Modules could and IMO should be a rethink that learns the lessons other 
languages have learned over the past decade+. 

>> Node.js uses package.json and the attendant npm to do this sort of prep 
>> work.  And it's a critical part of this since modules can be versioned, and 
>> different modules may need to run different specific versions of other 
>> modules.
> 
> Please, please, please do not make a json file a configuration language. You 
> can’t comment in them, you can’t handle “if php version <9, load this, or if 
> this extension is installed, use this.”
> 
> Maybe that is desirable, but doing things slightly different based on 
> extensions loaded is def a thing. 

I don't think commenting is important in this file, or even desired. 

As I proposed above, these could be protobuf or phar.  These should be build 
artifacts that can be generated on the fly during development or for newbies 
even during deployment, not hand-managed.
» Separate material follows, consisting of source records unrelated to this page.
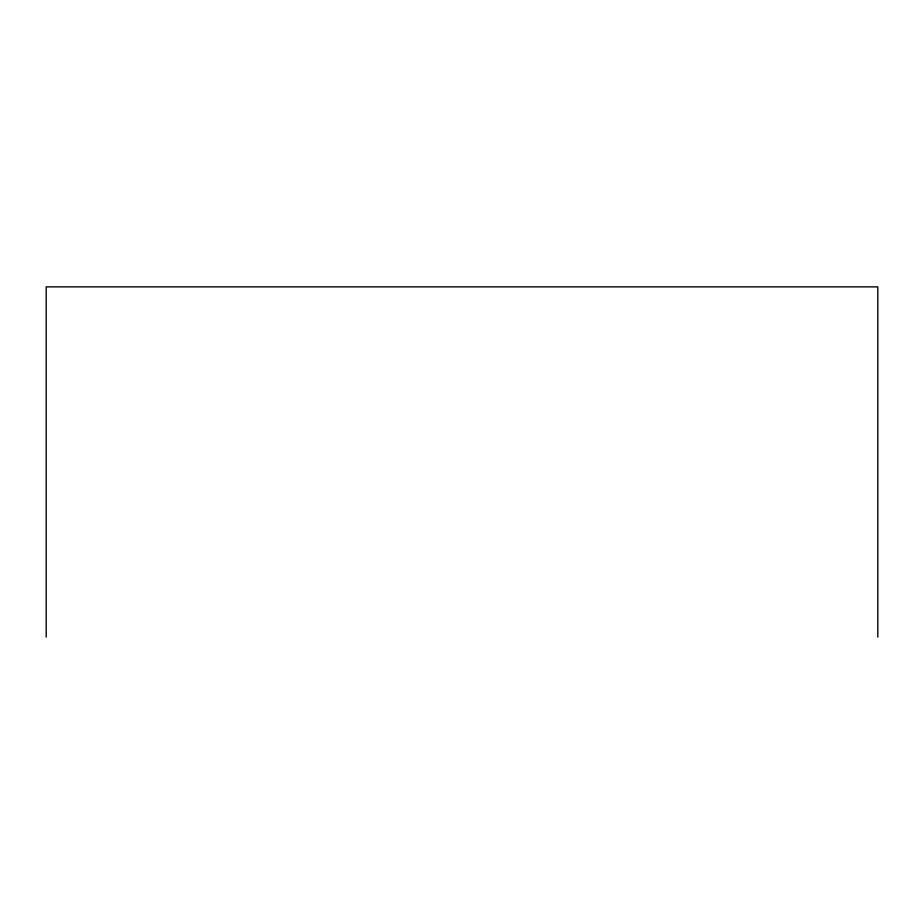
<?xml version="1.0" encoding="UTF-8"?>
<svg xmlns="http://www.w3.org/2000/svg" width="924" height="924" viewBox="0 0 924 924"><rect width="100%" height="100%" fill="white"/><g stroke="black" fill="none" stroke-linecap="round" stroke-linejoin="round"><path stroke-width="1.39" d="M877.8 637.133L877.8 286.867L46.2 286.867L46.2 637.133"/></g></svg>
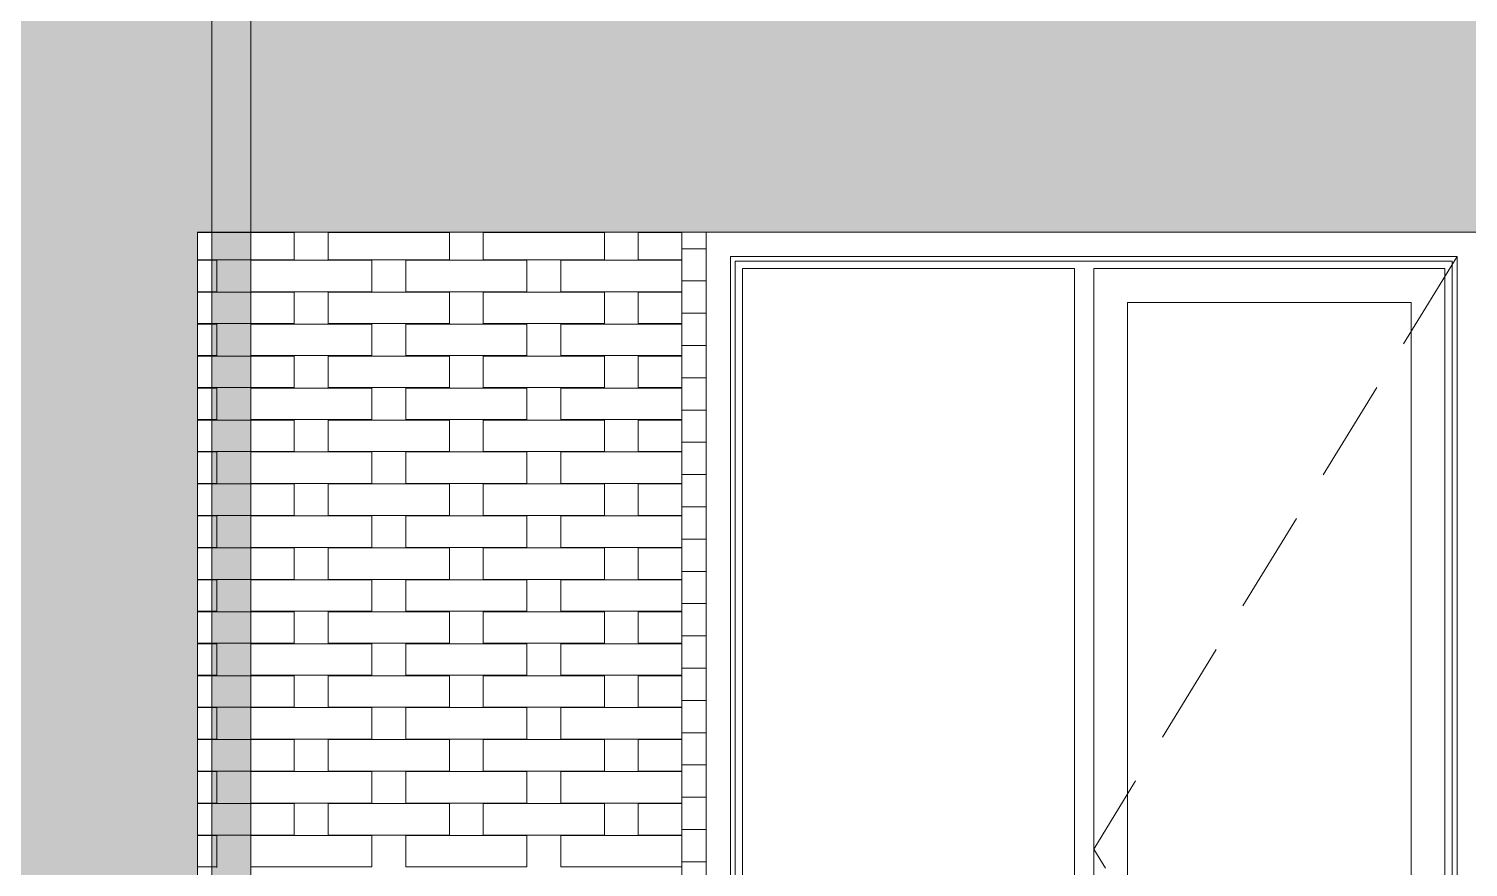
# Model space of a CAD drawing. Header units: millimetres. Extents: x 476244520 to 476657119, y 4620824743 to 4621446928.
# Drawn here: x 476546481 to 476549452, y 4621080334 to 4621082065 of the extents above; entities that cross this region are included whole.
import ezdxf

# ---------------------------------------------------------------- set-up
doc = ezdxf.new("R2010")
doc.units = ezdxf.units.MM
doc.header["$MEASUREMENT"] = 0
doc.linetypes.add('Hidden Line', pattern=[317.5, 211.666667, -105.833333])
for name, color, linetype, lineweight in [('0_Pen_No__250_Pen_No__255', 255, 'Continuous', 0), ('0_Pen_No__250_Pen_No__7', 7, 'Continuous', 0), ('2D Drafting - General_Pen_No__30_Pen_No__9_Pen_No__9_Pen_No__253', 252, 'Continuous', 0), ('2D Drafting - General_Pen_No__30_Pen_No__9_Pen_No__9_Pen_No__7', 7, 'Continuous', 0), ('2D Drafting - General_Pen_No__7_Pen_No__7', 7, 'Continuous', 0), ('New_Interior - Furniture _Pen_No__250', 7, 'Continuous', 0), ('New_Structural - Bearing_Pen_No__250', 7, 'Continuous', 0), ('Structural - Bearing_Pen_No__250', 7, 'Continuous', 0)]:
    doc.layers.add(name, color=color, linetype=linetype, lineweight=lineweight)

msp = doc.modelspace()

# ---------------------------------------------------------------- hatches: boundary and pattern name
at = {"layer": '0_Pen_No__250_Pen_No__255', "linetype": 'Continuous', "lineweight": 0, "true_color": 0x3f3f3f}
msp.add_hatch(color=250, dxfattribs=at).paths.add_polyline_path([(476546939.014, 4621070445.479), (476546939.014, 4621082420.346), (476546859.015, 4621082420.346), (476546859.015, 4621070445.479)])
at = {"layer": '2D Drafting - General_Pen_No__30_Pen_No__9_Pen_No__9_Pen_No__253', "linetype": 'Continuous', "lineweight": 0}
h = msp.add_hatch(dxfattribs=at)
h.set_pattern_fill('BRICK___RUNNING_BOND', color=252, style=0, pattern_type=2)
h.set_pattern_definition([(0, (476584677.18, 4621075479.1), (0, 66.64), []), (90, (476584677.18, 4621075479.1), (-244.8, 0), [66.64, -66.64]), (90, (476584799.58, 4621075545.74), (-244.8, 0), [66.64, -66.64])])
h.paths.add_polyline_path([(476539459.138, 4621072645.531), (476540629.005, 4621072645.531), (476540629.014, 4621075245.539), (476540629.014, 4621076667.176), (476540629.014, 4621084845.531), (476540629.014, 4621085057.885), (476540629.014, 4621085545.532), (476546429.014, 4621085545.532), (476546429.014, 4621072645.531), (476553686.976, 4621072645.531), (476553729.155, 4621072645.531), (476553729.155, 4621075945.533), (476553729.155, 4621078445.544), (476553729.155, 4621079070.057), (476553729.155, 4621085545.544), (476557529.011, 4621085545.544), (476557529.011, 4621075245.549), (476556929.206, 4621075245.549), (476556929.206, 4621070445.499), (476563929.127, 4621070445.499), (476563929.127, 4621075251.999), (476563329.323, 4621075251.999), (476563329.323, 4621085545.544), (476567129.179, 4621085545.544), (476567129.179, 4621072645.445), (476569940.806, 4621072645.445), (476569940.806, 4621072645.531), (476570829.494, 4621072645.531), (476572429.494, 4621072645.531), (476574429.014, 4621072645.531), (476574429.014, 4621085545.532), (476580229.014, 4621085545.532), (476580229.014, 4621072645.531), (476581399.049, 4621072645.531), (476581399.049, 4621085945.125), (476580317.511, 4621085945.125), (476574428.978, 4621085945.125), (476553729.155, 4621085945.125), (476546829.014, 4621085945.125), (476539459.138, 4621085945.125)])
h.paths.add_polyline_path([(476546829.014, 4621082345.544), (476546829.014, 4621084845.531), (476553329.014, 4621084845.531), (476553329.014, 4621082345.544)], flags=0)
h.paths.add_polyline_path([(476546829.014, 4621075945.533), (476546829.014, 4621078445.544), (476553329.014, 4621078445.544), (476553329.014, 4621075945.533)], flags=0)
h.paths.add_polyline_path([(476546829.014, 4621079145.544), (476546829.014, 4621081645.544), (476553329.014, 4621081645.544), (476553329.014, 4621079145.544)], flags=0)
h.paths.add_polyline_path([(476549474.939, 4621072745.581), (476549479.055, 4621072745.581), (476549479.055, 4621075245.581), (476547879.055, 4621075245.582), (476547879.055, 4621072745.581)], flags=0)
h.paths.add_polyline_path([(476559629.231, 4621083245.531), (476559629.231, 4621084845.531), (476558029.231, 4621084845.531), (476558029.231, 4621083245.531)], flags=0)
h.paths.add_polyline_path([(476559629.231, 4621073645.531), (476559629.231, 4621075245.531), (476558029.231, 4621075245.531), (476558029.231, 4621073645.531)], flags=0)
h.paths.add_polyline_path([(476558029.236, 4621076845.531), (476559629.236, 4621076845.531), (476559629.236, 4621078445.531), (476558029.236, 4621078445.531)], flags=0)
h.paths.add_polyline_path([(476559629.236, 4621080045.531), (476559629.236, 4621081645.531), (476558029.236, 4621081645.531), (476558029.236, 4621080045.531)], flags=0)
h.paths.add_polyline_path([(476559629.014, 4621071445.531), (476559629.014, 4621072045.531), (476558029.442, 4621072045.531), (476558029.442, 4621071445.531)], flags=0)
h.paths.add_polyline_path([(476561228.792, 4621078445.531), (476561228.792, 4621076845.531), (476562828.792, 4621076845.531), (476562828.792, 4621078445.531)], flags=0)
h.paths.add_polyline_path([(476561228.792, 4621080045.531), (476562828.792, 4621080045.531), (476562828.792, 4621081645.531), (476561228.792, 4621081645.531)], flags=0)
h.paths.add_polyline_path([(476561228.797, 4621084845.531), (476561228.797, 4621083245.531), (476562828.797, 4621083245.531), (476562828.797, 4621084845.531)], flags=0)
h.paths.add_polyline_path([(476562828.369, 4621071445.531), (476562828.369, 4621072045.531), (476561228.797, 4621072045.531), (476561228.797, 4621071445.531)], flags=0)
h.paths.add_polyline_path([(476561228.797, 4621073645.531), (476562828.797, 4621073645.531), (476562828.797, 4621075245.531), (476561228.797, 4621075245.531)], flags=0)
h.paths.add_polyline_path([(476568178.997, 4621081645.582), (476568178.997, 4621079145.581), (476569778.997, 4621079145.581), (476569778.997, 4621081645.581)], flags=0)
h.paths.add_polyline_path([(476569778.997, 4621075945.581), (476569778.997, 4621078445.581), (476568178.997, 4621078445.582), (476568178.997, 4621075945.581)], flags=0)
h.paths.add_polyline_path([(476568178.997, 4621082345.581), (476569778.997, 4621082345.581), (476569778.997, 4621084845.581), (476568178.997, 4621084845.582)], flags=0)
h.paths.add_polyline_path([(476571779.011, 4621084845.581), (476571779.011, 4621082345.581), (476573379.011, 4621082345.581), (476573379.011, 4621084845.582)], flags=0)
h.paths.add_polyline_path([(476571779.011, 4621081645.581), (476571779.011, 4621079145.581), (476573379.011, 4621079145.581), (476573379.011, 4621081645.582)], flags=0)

I could see the generation of two files; one in binary form and one that is 
readonly so a developer can double-check what is in the current protobuf or 
phar file.

>> Those are implementation details a little further down the road than we're 
>> ready for, I think. 
> 
> Personally, if these are going to have any special syntax, we probably 
> shouldn’t call them .php files. Maybe .phm?

I was going to suggest that, and then remembered earlier PHP when there were 
multiple file extensions and that was a nightmare.  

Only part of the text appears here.